So to give a few more....Everyone remember this building?










Its a nice kit, BUT it is actually a bit "narrow". Be OK for a big city scene but I'm modeling a small town so.....

So, taking into consideration, that I had 3 of these kits..... I built the 3 of them into one big building....a old school for my home town in PA!










Yeah a bit of work to make 3 of them, look like one of these! 

I added extra floors on one "tower" and removed a floor from the other "tower" and then left one floor over from the 3rd kit to use as an "entrance" and a office floor.....

The whole building is actually pretty big for what its made of!

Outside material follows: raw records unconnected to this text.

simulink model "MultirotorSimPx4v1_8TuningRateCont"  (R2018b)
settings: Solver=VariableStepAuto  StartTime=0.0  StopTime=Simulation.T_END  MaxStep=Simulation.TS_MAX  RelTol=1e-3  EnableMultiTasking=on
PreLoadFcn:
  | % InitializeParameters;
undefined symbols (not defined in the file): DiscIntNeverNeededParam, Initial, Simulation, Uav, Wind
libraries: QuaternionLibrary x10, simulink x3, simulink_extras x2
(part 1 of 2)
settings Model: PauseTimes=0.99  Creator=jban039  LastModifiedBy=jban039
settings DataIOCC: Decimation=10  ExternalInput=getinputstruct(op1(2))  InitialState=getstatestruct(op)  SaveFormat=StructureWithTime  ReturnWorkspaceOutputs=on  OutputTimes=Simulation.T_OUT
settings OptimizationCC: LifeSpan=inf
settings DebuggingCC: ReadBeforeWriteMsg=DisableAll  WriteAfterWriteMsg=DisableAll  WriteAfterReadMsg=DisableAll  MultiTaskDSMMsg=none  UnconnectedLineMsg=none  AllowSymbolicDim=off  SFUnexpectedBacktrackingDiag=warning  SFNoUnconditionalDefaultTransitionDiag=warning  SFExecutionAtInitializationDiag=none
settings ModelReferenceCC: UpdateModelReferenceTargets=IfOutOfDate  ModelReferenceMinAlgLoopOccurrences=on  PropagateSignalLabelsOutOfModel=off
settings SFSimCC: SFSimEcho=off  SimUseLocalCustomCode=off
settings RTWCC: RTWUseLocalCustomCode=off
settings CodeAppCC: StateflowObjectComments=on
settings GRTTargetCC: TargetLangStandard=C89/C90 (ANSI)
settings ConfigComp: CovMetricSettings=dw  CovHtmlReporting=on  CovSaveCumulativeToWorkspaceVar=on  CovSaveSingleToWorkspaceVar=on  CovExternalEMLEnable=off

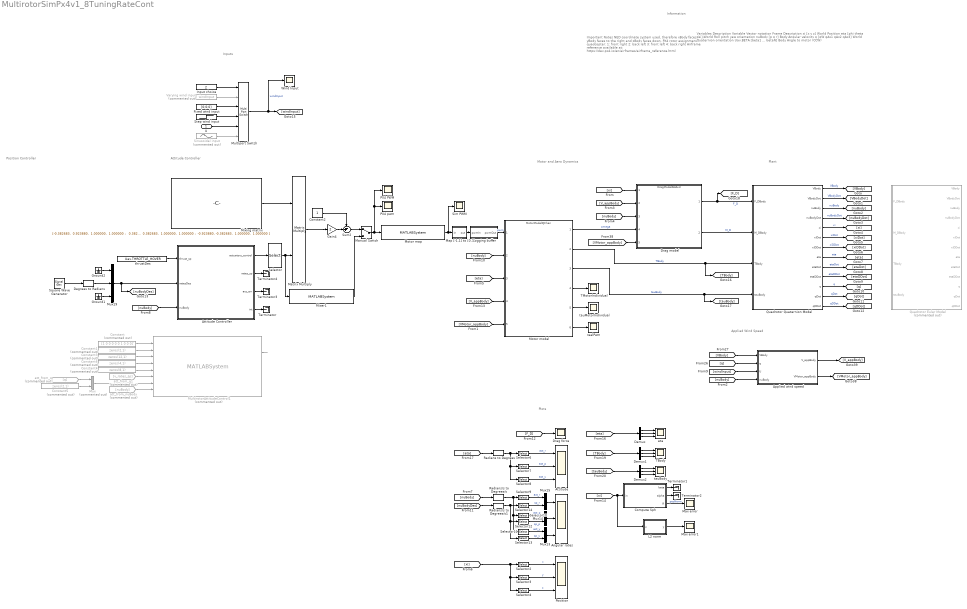
== system MultirotorSimPx4v1_8TuningRateCont ==
  note: Plots
  note: Inputs
  note: Motor and Aero Dynamics
  note: Plant
  note: Attitude Controller
  note: Position Controller
  note: Applied Wind Speed
  note: Important Notes
      |
      | NED coordinate system used, therefore xBody faces forward, yBody faces to the right and zBody faces down.
      | PX4 rotor assignment for quadcopter:
      | 1: front right
      | 2: back left
      | 3: front left
      | 4: back right
      | Airframe reference available at:
      | https://dev.px4.io/en/airframes/airframe_reference.html
  note: Variables Description
      |
      | Variable
      | Vector notation
      | Frame
      | Description
      |
      | xi
      | [x y z]
      | World
      | Position
      |
      | eta
      | [phi theta psi]
      | World
      | Roll pitch yaw orientation
      |
      | nuBody
      | [p q r]
      | Body
      | Angular velocity
      |
      | q
      | [qW qAx1 qAx2 qAx3]
      | World
      | Quaternion orientation
      |
      | Uav.BETA
      | [beta1 ... betaN]
      | Body
      | Angle to motor (CCW)
  note: Information
  U : Inport  PortDimensions=3
  Angular rates : Scope  NumInputPorts=3
  Applied wind speed : Subsystem
  Attitude : Scope  NumInputPorts=3
  Attitude Controller : Subsystem
  Compute Sph : MATLAB Function  TreatAsAtomicUnit=on
  Constant : Constant  Commented=on  Value=[1 0 0 0 0 0 1 0 0 0]'
  Constant1 : Constant  Commented=on  Value=zeros(2,1)
  Constant2 : Constant
  Constant3 : Constant  Commented=on  Value=zeros(12,1)
  Constant4 : Constant  Commented=on  Value=zeros(8,1)
  Constant5 : Constant  Commented=on  Value=zeros(2,1)
  Constant6 : Constant  Commented=on  Value=zeros(4,1)
  Degrees to Radians : simulink_extras/Transformations/Degrees to Radians
  Demux : Demux  Outputs=3
  Demux1 : Demux  Outputs=3
  Demux2 : Demux  Outputs=3
  Drag force : Scope
  Drag model : ModelReference  ModelNameDialog=DragModelAIAAv3  SimulationMode=Normal  ModelReferenceVersion=1.368
  Fixed wind input : Constant  Value=[0;0;0]
  Gain4 : Gain  Gain=2
  Ground1 : Ground
  Ground2 : Ground
  Input choice : Constant  Value=2
  L2 norm : MATLAB Function  TreatAsAtomicUnit=on
  Logging buffer : Subsystem
  Manual Switch : ManualSwitch
  Map [-1,1] to [0,1] : Subsystem
  Matrix Multiply : Product  Multiplication=Matrix(*)
  Max error : Scope
  Max error1 : Scope
  Mixer1 : MATLABSystem  System=MultirotorMixer  airframeConfig=6  useHorThrust=0  outputSatStatus=0  SimulateUsing=Code generation
      mask Type: MultirotorMixer
      mask Display:
      | disp(['MULTIROTOR' char(10) 'MIXER' char(10) 'octa_xneg']);
      | port_label('input',1,'actuatorsControl');
      | port_label('output',1,'px4PWM');
  Mixing matrix : Constant  Value=|
      | [-0.382683,  0.923880,  1.000000,  1.000000 ;
      |   0.382683, -0.923880,  1.000000,  1.000000 ;
      |  -0.923880,  0.382683, -1.000000,  1.000000 ;
      |  -0.382683, -0.923880, -1.000000,  1.000000 ;
      |   0.382683,  0.923880, -1.000000,  1.000000 ;
      |   0.923880, -0.382683, -1.000000,  1.000000 ;
      |   0.923880,  0.382683,  1.000000,  1.000000 ;
      |  -0.923880, -0.382683,  1.000000,  1.000000 ]
  Motor map : MATLABSystem  System=MotorMap  airframeConfig=5  SimulateUsing=Code generation
      mask Type: MotorMap
      mask Display:
      | disp(['MOTOR' char(10) 'MAP' char(10) 'octa_x']);
      | port_label('input',1,'px4PWM');
      | port_label('output',1,'simPWM');
  Motor model : ModelReference  ModelNameDialog=MotorModelZJChen  SimulationMode=Normal  ModelReferenceVersion=1.421
  Multiport Switch : MultiPortSwitch  Inputs=5
  MultirotorAttitudeControl1 : MATLABSystem  Commented=on  System=MulticopterAttitudeControl  acro_expo_rp=0.69  acro_expo_y=0.69  acro_pitch_max=720  acro_roll_max=720  acro_superexpo_rp=0.7  acro_superexpo_y=0.7  acro_yaw_max=540  airmode=0  d_term_cutoff_freq=30  pitch_rate_d=0.003  pitch_rate_ff=0  pitch_rate_i=0.05  pitch_rate_max=220  pitch_rate_p=0.15  pitch_p=6.5  pitch_rate_integ_lim=0.3  rattitude_thres=0.8  roll_rate_d=0.003  roll_rate_ff=0  roll_rate_i=0.05  roll_rate_max=220  roll_rate_p=0.15  roll_p=6.5  roll_rate_integ_lim=0.3  tpa_breakpoint_d=1  tpa_breakpoint_i=1  tpa_breakpoint_p=1  tpa_rate_d=0  tpa_rate_i=0  tpa_rate_p=0  yaw_rate_d=0  yaw_rate_ff=0  yaw_rate_i=0.1  yaw_rate_max=200  yaw_rate_p=0.2  yaw_auto_max=45  yaw_p=2.8  yaw_rate_integ_lim=0.3  man_throttle_min=0.08  man_tilt_max_deg=35  yaw_rate_scaling=200  throttle_hover=0.5  throttle_max=1  board_rotation_param=0  board_offset_x=0  board_offset_y=0  board_offset_z=0  bat_scale_en=0  throttle_curve=0  vehicle_status_is_rotary_wing=1  vehicle_status_is_vtol=0  loop_update_rate_hz=250  simple_mode=0  output_rates=1  SimulateUsing=Interpreted execution
      mask Type: MulticopterAttitudeControl
      mask Display:
      | disp(['MulticopterAttitudeControl' char(10) '' char(10) 'v1.82']);
      | port_label('input',1,'v_control_mode_flags');
      | port_label('input',2,'vehicle_land_detected');
      | port_label('input',3,'saturation_status');
      | port_label('input',4,'manual_control_sp');
      | port_label('input',5,'v_att_sp');
      | port_label('input',6,'v_rates_sp');
      | port_label('input',7,'v_att_in');
      | port_label('input',8,'sensor_gyro');
      | port_label('output',1,'actuatorsControl');
      | port_label('output',2,'attRateSp');
  Mux : Mux  Commented=on  Inputs=2
  Mux13 : Mux  Inputs=2
  Mux14 : Mux  Inputs=2
  Mux15 : Mux  Inputs=2
  Mux19 : Mux  Inputs=3
  PX4 PWM : Scope
  PX4 pwm : Scope
  Position : Scope  NumInputPorts=3
  Quadrotor Euler Model : Subsystem  Commented=on
  Quadrotor Quaternion Model : Subsystem
  "Radians to Degrees " : QuaternionLibrary/Radians to Degrees   SystemSampleTime=-1
  Radians/s to Degrees/s : QuaternionLibrary/Radians//s to Degrees//s  SystemSampleTime=-1
  Radians/s to Degrees/s1 : QuaternionLibrary/Radians//s to Degrees//s  SystemSampleTime=-1
  Selector : Selector  InputPortWidth=8  IndexOptions=Index vector (dialog)  Indices=[1:4]  OutputSizes=1
  Selector{3,7,10,12} (4 alike) : Selector  InputPortWidth=3  IndexOptions=Index vector (dialog)  Indices=2  OutputSizes=1
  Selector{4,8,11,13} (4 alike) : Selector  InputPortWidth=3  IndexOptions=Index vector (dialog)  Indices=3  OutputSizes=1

A mock up of the front of the building and the way I plan to add the front entrance and facade....I think it will look GREAT when done its not even close yet...










The fire-escape, is ALL scratchbuilt! To fit the building. I didn't like the looks of the original one that came with all 3 kits.....So, me, being me, I had to build one that was more to my liking....










Notice, I even put real stone on the roof! I also redone the roof access hatch doors and all as well....

More to come, later!


----------



## Y3a (Jan 18, 2001)

WHAT? No complete interiors?


----------



## -Hemi- (May 5, 2014)

Not yet, I'm still building this one, its no where near done yet, your seeing it as a "WIP" model.....

I got a long ways to go on this one as I have a building and grounds "extension" to add off the 3 story tower, that will have all the trimming too. I got the entrance to finish and a few other items to complete as well.....AND the opposite side will have a tall chimney as well for heating of the building as it sets here, I got a lot yet to do... the station has an up coming "interior" as well.....These are the shallow buildings, that won't be next to the edge of my layout, BUT will be close enough to see inside a little and so the interiors won't be "extreme" but the ones that are next to the edge of the layout will have full complete interiors....


----------



## Y3a (Jan 18, 2001)

I 'furnished' a Bachmann "Sears Craftsman House" kit and the furniture cost me almost 40 bucks. Putting the fiber optic lights inside was a nightmare! Photo etched blinds at the windows was a nice touch. Finally I had to use 'slide glass' for the glass in the windows just to see into the lit rooms.


----------



## BOXIE (Apr 5, 2011)

Nicely done.thanks for showing us your work.


----------



## -Hemi- (May 5, 2014)

Y3a said:


> I 'furnished' a Bachmann "Sears Craftsman House" kit and the furniture cost me almost 40 bucks. Putting the fiber optic lights inside was a nightmare! Photo etched blinds at the windows was a nice touch. Finally I had to use 'slide glass' for the glass in the windows just to see into the lit rooms.


Its amazing what interior details cost! I am working on a rather LARGE (and I do mean large) machine shop thats for my engine terminal, thats in the last days of steam, early days of diesel, and its got a lot of floor space to detail, AND will be right next to the edge of the layout.......To add to it, it will have a fab shop (for cabs, and or car body fabrication (car body to go in for passenger car side panels, OR diesel body parts as well as steamer engine cabs and such.... this will be fully detailed inside all the shears, and metal "brakes" punch press, you name it. ALL hand made! As these details aren't modeled that I've found in HO scale. I also plan to make a few vertical lathes, and a thickness mill (metal planner), and a wheelset lathe, or driver lathe....This is one HUGE complex....The main building is long enough to fit 2 rails in it, side by side, long enough to have 2 articulated steamers on then, one behind the other....4 total, the left side of the building will have the machine shop, the right side will have the fab shop, and the front right side, will have the compressor building and then the left hand front will be the exit....which will lead out to a RIP set, to the left side of the building, and then the right is an unloading area for supplies to be fully covered by an overhead traveling crane, with 2 "in" tracks with only one "out" track.....FULLY LIGHTED. I for see, around 200 lights in or around this whole area.....inside and outside.....Plus smoke effects in the buildings.... 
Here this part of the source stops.